WHAT YOU HAVE TO DO
Using the data that follows, output only the lines from the line with "1.182132034), (-0.97, 1.27))" up to and including the line with "SKETCH_2_W = 2.5", exactly, leaving pictures aside.

Records contained in a dataset
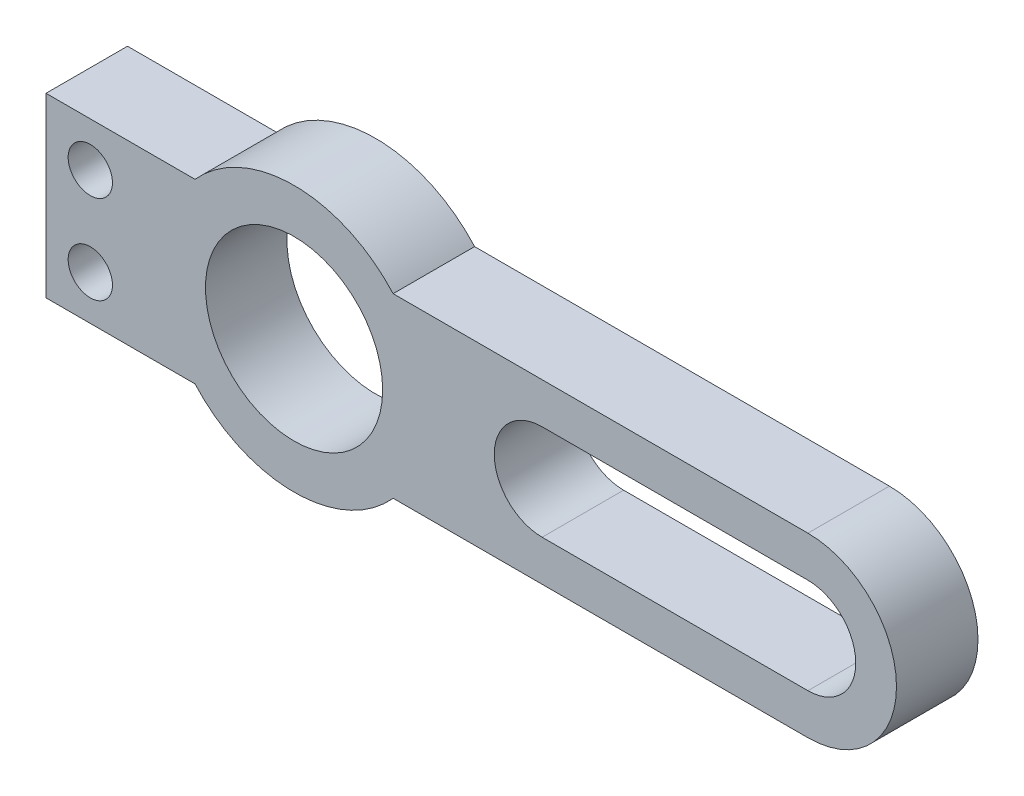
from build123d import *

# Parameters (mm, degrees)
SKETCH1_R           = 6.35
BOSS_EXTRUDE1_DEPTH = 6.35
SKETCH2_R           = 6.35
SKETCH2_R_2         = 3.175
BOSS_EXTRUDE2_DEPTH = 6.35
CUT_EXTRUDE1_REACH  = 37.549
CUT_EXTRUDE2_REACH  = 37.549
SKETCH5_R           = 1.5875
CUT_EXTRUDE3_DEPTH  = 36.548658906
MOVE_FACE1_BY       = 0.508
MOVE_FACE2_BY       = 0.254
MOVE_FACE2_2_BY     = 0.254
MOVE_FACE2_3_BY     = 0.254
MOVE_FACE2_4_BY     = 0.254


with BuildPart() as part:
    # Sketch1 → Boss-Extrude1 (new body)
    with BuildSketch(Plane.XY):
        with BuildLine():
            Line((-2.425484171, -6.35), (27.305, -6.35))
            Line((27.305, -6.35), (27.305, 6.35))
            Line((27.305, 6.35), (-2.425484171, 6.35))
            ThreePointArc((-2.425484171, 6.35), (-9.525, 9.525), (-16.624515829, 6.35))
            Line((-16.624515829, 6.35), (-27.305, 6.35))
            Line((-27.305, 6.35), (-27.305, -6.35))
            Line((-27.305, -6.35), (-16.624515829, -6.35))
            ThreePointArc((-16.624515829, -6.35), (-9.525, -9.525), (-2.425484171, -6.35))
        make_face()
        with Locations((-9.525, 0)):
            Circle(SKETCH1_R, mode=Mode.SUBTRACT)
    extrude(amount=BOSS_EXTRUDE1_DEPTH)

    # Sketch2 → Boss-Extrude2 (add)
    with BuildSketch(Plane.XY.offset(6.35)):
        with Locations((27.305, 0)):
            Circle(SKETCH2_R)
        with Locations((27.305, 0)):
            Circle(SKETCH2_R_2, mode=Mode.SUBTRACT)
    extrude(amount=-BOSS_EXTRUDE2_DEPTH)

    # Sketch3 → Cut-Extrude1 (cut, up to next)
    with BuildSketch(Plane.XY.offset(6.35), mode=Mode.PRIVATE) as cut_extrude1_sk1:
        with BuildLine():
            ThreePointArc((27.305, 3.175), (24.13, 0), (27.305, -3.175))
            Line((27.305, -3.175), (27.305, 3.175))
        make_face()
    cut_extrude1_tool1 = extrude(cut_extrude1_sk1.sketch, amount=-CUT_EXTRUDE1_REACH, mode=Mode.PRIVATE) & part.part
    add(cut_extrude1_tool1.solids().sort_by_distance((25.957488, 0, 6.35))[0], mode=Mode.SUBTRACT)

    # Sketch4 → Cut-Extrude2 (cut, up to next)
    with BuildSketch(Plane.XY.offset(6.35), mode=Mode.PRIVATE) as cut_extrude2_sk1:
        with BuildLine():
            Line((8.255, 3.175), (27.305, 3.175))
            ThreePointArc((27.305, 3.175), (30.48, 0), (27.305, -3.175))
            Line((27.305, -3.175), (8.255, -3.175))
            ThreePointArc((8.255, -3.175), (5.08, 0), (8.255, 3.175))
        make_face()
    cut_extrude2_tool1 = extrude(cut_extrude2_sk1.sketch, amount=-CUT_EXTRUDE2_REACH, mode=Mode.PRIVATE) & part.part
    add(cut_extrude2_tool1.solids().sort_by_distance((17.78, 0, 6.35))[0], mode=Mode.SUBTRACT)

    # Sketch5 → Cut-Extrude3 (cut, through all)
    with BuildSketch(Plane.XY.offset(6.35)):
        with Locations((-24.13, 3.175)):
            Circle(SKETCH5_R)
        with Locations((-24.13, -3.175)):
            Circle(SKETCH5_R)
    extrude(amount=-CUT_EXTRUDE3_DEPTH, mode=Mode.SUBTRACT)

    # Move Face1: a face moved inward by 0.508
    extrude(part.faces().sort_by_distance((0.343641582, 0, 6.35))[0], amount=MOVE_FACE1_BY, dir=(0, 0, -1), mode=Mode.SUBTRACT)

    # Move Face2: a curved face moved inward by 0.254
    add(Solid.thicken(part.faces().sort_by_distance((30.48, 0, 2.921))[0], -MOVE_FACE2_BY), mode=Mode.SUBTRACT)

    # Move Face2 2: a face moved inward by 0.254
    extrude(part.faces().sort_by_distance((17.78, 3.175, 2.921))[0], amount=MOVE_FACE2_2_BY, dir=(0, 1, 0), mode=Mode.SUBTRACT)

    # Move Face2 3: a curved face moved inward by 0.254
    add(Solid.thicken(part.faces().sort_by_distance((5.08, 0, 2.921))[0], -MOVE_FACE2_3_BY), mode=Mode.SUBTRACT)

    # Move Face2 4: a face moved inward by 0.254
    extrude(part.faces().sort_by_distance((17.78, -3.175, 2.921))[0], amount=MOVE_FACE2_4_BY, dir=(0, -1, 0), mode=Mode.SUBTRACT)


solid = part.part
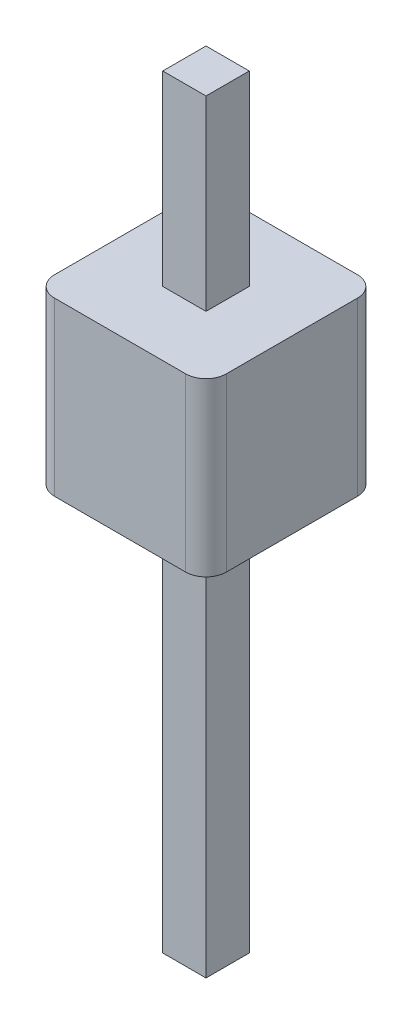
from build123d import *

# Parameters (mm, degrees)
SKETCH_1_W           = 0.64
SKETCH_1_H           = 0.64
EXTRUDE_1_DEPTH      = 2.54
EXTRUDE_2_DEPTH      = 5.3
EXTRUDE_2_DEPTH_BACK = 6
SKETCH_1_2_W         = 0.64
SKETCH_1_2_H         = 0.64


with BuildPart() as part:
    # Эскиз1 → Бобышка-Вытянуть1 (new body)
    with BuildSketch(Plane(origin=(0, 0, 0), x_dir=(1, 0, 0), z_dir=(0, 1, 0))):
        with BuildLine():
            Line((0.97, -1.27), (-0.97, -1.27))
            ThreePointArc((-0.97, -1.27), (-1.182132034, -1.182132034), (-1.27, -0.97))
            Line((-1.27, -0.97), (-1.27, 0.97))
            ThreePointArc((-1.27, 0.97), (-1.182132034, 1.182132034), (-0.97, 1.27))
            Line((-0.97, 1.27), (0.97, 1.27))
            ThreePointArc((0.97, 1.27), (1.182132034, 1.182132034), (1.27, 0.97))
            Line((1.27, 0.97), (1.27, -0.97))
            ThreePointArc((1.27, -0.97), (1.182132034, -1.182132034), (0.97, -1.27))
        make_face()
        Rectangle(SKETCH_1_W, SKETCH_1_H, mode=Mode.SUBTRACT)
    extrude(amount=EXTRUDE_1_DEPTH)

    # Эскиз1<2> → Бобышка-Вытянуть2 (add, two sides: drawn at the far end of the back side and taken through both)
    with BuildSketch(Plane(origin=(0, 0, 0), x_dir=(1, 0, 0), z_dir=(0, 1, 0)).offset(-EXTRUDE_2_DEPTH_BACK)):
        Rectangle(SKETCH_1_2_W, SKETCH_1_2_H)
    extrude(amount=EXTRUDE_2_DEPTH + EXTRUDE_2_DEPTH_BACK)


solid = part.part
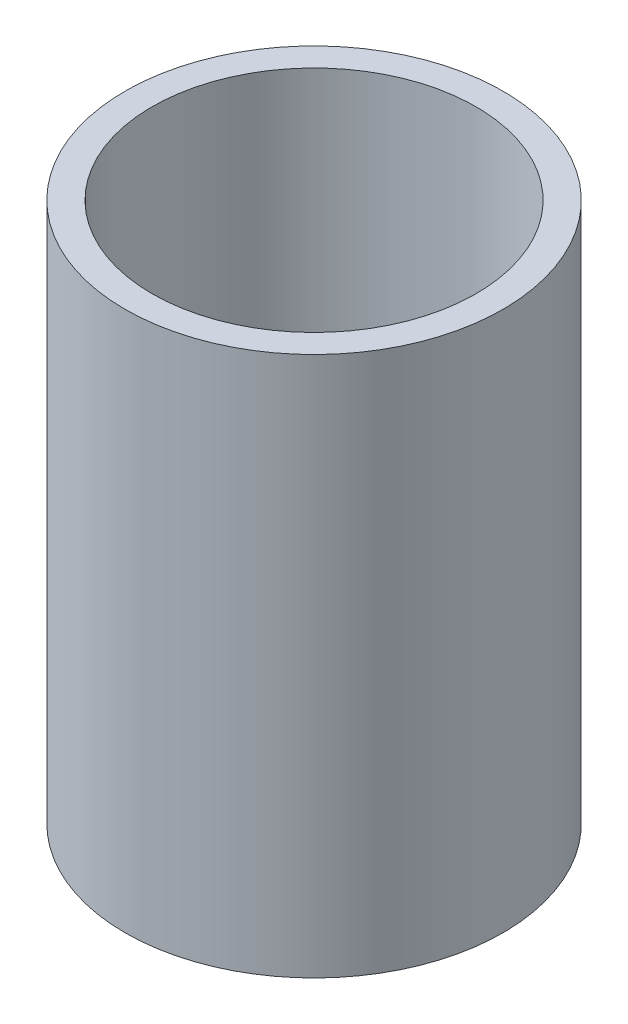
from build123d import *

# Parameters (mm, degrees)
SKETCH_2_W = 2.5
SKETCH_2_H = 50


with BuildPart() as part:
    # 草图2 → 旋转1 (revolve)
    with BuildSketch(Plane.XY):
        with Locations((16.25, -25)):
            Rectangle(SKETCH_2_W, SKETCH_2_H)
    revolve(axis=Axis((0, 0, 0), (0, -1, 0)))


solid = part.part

FINISHED TASK
            ThreePointArc((-1.27, 0.97), (-1.182132034, 1.182132034), (-0.97, 1.27))
            Line((-0.97, 1.27), (0.97, 1.27))
            ThreePointArc((0.97, 1.27), (1.182132034, 1.182132034), (1.27, 0.97))
            Line((1.27, 0.97), (1.27, -0.97))
            ThreePointArc((1.27, -0.97), (1.182132034, -1.182132034), (0.97, -1.27))
        make_face()
        Rectangle(SKETCH_1_W, SKETCH_1_H, mode=Mode.SUBTRACT)
    extrude(amount=EXTRUDE_1_DEPTH)

    # Эскиз1<2> → Бобышка-Вытянуть2 (add, two sides: drawn at the far end of the back side and taken through both)
    with BuildSketch(Plane(origin=(0, 0, 0), x_dir=(1, 0, 0), z_dir=(0, 1, 0)).offset(-EXTRUDE_2_DEPTH_BACK)):
        Rectangle(SKETCH_1_2_W, SKETCH_1_2_H)
    extrude(amount=EXTRUDE_2_DEPTH + EXTRUDE_2_DEPTH_BACK)


solid = part.part
from build123d import *

# Parameters (mm, degrees)
SKETCH_2_W = 2.5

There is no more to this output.